OK, let's get back to basics for a moment. OLAP stands for
Online Analytical Processing, was originally very well
defined, and is a surprisingly new term. It first appeared a
mere 14 years ago, in a paper entitled Providing OLAP to
User-Analysts: An IT Mandate by E F Codd, S B Codd and C
T Salley, ComputerWorld, July 26 1993.
And yes, E F Codd is the Ted Codd, the Father of
the relational database. After the paper was published it
gained some notoriety because Codd had undertaken consulting
work for Arbour Software (now Hyperion). This was unfortunate
because the paper actively discussed one of Arbour's products,
Essbase. In the end, Computerworld took the unusual step of
retracting the article; nevertheless this paper clearly marks
the start of the term's use. A copy is available on line from
Hyperion here. The paper defines 12 rules for
evaluating OLAP products which are:
- Multi-dimensional conceptual view
- Transparency
- Accessibility
- Consistent reporting performance
- Client-server architecture
- Generic dimensionality
- Dynamic sparse matrix handling
- Multi-user support
- Unrestricted cross-dimensional operations
- Intuitive data manipulation
- Flexible reporting
- Unlimited dimensions and aggregation levels
While Codd never directly says OLAP systems should be fast,
he is clearly very interested in their performance (see rule
4). In addition, almost all OLAP systems do provide a
phenomenal increase in performance over relational systems. So
we can argue from this that the myth is true: OLAP is about
performance.
But it is clear from reading the paper that Codd also sees
the multi-dimensional component of OLAP as essential. Early on
in the paper he says: "This...multi-dimensional conceptual
view appears to be the way most business persons naturally
view their enterprise." And, as you can see, four of the 12
rules directly refer to dimensions, so OLAP is also about the
way users think about, and are allowed to visualise, their
data.
We know that speed is important to OLAP, but exactly how
important is this multi-dimensional aspect?
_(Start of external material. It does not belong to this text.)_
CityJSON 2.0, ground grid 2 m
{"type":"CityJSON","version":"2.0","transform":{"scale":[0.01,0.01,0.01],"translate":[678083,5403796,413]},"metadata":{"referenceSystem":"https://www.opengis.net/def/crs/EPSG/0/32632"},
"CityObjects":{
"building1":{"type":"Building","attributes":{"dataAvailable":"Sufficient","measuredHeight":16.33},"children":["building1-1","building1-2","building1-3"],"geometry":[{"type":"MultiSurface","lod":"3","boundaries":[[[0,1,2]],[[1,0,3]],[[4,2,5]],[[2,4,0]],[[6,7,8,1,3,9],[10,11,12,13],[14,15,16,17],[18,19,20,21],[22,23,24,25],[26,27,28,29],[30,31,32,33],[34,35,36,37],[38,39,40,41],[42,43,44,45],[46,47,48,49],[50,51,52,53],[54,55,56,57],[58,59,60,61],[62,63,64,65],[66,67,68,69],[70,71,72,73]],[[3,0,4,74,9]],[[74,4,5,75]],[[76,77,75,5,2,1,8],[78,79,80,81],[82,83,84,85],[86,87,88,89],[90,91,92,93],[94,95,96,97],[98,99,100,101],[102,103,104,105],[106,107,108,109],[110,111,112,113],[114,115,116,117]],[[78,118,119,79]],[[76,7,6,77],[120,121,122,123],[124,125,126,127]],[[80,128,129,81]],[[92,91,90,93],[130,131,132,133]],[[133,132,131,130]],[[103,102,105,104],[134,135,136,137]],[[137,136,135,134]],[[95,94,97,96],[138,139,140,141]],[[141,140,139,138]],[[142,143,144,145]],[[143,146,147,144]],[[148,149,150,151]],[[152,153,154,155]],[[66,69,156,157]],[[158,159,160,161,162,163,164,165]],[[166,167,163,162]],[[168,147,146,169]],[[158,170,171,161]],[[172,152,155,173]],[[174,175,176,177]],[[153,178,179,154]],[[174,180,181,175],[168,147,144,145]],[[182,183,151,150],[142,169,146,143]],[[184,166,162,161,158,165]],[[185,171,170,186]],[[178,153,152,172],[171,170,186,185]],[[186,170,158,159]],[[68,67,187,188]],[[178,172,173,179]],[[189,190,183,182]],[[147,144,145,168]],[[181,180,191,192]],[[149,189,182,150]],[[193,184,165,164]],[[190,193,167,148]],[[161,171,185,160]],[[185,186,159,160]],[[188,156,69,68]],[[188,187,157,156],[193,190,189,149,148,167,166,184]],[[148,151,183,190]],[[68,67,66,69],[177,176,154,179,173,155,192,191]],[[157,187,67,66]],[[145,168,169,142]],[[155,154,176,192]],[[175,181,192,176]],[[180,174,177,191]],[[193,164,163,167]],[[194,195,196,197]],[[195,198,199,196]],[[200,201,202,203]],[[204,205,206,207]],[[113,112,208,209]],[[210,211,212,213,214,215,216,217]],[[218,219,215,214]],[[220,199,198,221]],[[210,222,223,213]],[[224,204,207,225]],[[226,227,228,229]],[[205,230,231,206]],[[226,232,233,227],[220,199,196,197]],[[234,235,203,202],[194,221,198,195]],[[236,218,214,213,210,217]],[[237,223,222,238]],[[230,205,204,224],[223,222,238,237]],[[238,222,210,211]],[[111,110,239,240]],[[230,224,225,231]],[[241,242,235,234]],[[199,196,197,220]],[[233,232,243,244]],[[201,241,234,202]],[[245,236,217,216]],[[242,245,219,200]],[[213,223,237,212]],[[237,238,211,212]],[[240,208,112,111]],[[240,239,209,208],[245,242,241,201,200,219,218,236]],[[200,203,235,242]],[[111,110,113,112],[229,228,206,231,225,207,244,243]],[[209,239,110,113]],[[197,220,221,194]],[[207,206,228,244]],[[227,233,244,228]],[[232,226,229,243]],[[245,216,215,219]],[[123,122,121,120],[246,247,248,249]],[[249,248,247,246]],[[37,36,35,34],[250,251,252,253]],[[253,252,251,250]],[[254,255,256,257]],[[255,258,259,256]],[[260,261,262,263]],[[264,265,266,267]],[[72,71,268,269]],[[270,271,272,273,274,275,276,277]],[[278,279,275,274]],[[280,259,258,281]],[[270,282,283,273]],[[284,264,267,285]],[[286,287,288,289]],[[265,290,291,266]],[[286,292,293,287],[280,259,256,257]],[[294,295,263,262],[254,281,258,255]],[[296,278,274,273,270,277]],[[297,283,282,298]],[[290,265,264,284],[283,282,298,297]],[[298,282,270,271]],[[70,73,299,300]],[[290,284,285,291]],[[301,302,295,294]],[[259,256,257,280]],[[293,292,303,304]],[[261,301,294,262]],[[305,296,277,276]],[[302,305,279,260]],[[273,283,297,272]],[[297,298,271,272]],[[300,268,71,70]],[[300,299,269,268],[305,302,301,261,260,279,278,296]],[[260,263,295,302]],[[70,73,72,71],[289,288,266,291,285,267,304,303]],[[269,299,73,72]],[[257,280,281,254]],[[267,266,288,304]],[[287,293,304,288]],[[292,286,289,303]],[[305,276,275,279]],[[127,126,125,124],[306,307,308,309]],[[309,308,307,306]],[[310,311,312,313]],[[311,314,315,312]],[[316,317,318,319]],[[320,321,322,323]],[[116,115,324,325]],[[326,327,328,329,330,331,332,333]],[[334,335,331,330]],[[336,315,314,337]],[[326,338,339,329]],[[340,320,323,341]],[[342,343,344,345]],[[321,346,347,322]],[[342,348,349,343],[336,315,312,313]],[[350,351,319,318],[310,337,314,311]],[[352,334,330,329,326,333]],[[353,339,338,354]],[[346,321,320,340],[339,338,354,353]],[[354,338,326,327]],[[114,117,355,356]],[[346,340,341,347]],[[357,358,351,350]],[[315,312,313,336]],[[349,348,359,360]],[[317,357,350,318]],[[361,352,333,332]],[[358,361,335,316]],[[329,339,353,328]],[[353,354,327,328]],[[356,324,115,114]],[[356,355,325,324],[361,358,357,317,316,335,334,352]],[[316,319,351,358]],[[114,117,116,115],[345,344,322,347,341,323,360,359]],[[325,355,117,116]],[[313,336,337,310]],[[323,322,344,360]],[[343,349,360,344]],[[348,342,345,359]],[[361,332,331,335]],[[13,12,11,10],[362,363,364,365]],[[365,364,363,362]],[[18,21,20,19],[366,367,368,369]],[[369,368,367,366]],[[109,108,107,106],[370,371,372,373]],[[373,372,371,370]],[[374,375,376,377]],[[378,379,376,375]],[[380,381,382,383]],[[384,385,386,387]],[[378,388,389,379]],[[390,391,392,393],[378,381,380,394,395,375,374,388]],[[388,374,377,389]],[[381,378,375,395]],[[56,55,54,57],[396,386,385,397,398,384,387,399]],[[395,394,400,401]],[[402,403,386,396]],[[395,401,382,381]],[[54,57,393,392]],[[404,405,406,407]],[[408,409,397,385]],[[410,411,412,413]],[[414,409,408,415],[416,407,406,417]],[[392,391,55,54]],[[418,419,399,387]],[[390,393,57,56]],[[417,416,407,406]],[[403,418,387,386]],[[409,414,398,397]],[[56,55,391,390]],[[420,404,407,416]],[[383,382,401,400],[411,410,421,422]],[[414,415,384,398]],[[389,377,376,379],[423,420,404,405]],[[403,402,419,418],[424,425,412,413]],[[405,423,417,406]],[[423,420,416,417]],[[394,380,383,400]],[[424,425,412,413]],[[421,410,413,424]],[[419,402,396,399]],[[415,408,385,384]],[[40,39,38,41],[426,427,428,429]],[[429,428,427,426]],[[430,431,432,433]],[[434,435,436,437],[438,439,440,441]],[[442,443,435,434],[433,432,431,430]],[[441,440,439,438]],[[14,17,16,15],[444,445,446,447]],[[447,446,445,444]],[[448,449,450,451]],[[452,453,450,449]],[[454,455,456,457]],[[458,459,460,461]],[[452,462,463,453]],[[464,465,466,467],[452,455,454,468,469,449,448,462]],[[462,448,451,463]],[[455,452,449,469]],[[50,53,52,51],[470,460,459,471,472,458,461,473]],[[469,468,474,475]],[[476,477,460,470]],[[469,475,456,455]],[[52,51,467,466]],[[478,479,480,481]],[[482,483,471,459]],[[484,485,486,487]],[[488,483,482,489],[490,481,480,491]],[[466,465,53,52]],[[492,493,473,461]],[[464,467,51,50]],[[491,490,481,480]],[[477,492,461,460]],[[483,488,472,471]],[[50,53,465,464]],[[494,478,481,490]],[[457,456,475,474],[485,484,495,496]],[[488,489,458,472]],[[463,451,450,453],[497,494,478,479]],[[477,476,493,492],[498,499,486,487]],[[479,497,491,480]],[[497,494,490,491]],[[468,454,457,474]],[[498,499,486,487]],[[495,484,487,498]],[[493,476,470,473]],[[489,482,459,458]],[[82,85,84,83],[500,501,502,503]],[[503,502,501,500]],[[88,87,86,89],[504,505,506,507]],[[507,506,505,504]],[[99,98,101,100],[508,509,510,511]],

One easy test of the importance of a property to the
definition of an object is to imagine the object minus that
property. Does it remain essentially the same object without
the property or does the loss turn it into something else? Is
a robin without a red breast still a robin? Are Christians who
loses their faith still Christians? Is OLAP without
multi-dimensionality still OLAP?
Well, imagine a relational data warehouse that is magically
very, very fast. Users can perform any query they like against
it and expect a response time of one second. Would this still
be OLAP? We can be certain that the answer here is "no" for
the simple reason that there is no need for a new term like
OLAP to describe this; what we have here is simply a very fast
relational database. Apart from the speed, it will suffer all
the joys and pains of normal relational databases. It will be
very flexible (it puts no constraints on the queries that can
be posed) but the users will still find it very difficult to
query because, in order to formulate the query, they have to
understand the data structure. Experience suggests that
business users find this very difficult.
So, OLAP without the multi-dimensional structure isn't
OLAP. This is true in the real world of 2007 and it was also
true in Codd's original definition of OLAP. In the paper he
says: "OLAP is the name given to the dynamic enterprise
analysis required to create, manipulate, animate, and
synthesise information from exegetical, contemplative, and
formulaic data analysis models." In other words, OLAP is more
about the data model than the speed.
The problem with the myth is that by focusing on speed it
loses sight of what we are trying to achieve in Business
Intelligence (of which OLAP is a subset). We are trying to
find information in a mass of data. Speed alone (while
eminently desirable) does not provide this; we also need to
layer a framework over the data (Codd's multi-dimensional
conceptual view) to provide an interpretation that users can
understand.
So, the myth is busted. OLAP certainly is about speed but
it isn't all about speed. There is much more to analysis than
rows per second.
Incidentally, this focus within OLAP on the way in which we
think about and view the data is highly relevant to some of
the recent discussions on The Register about
novel approaches to business intelligence.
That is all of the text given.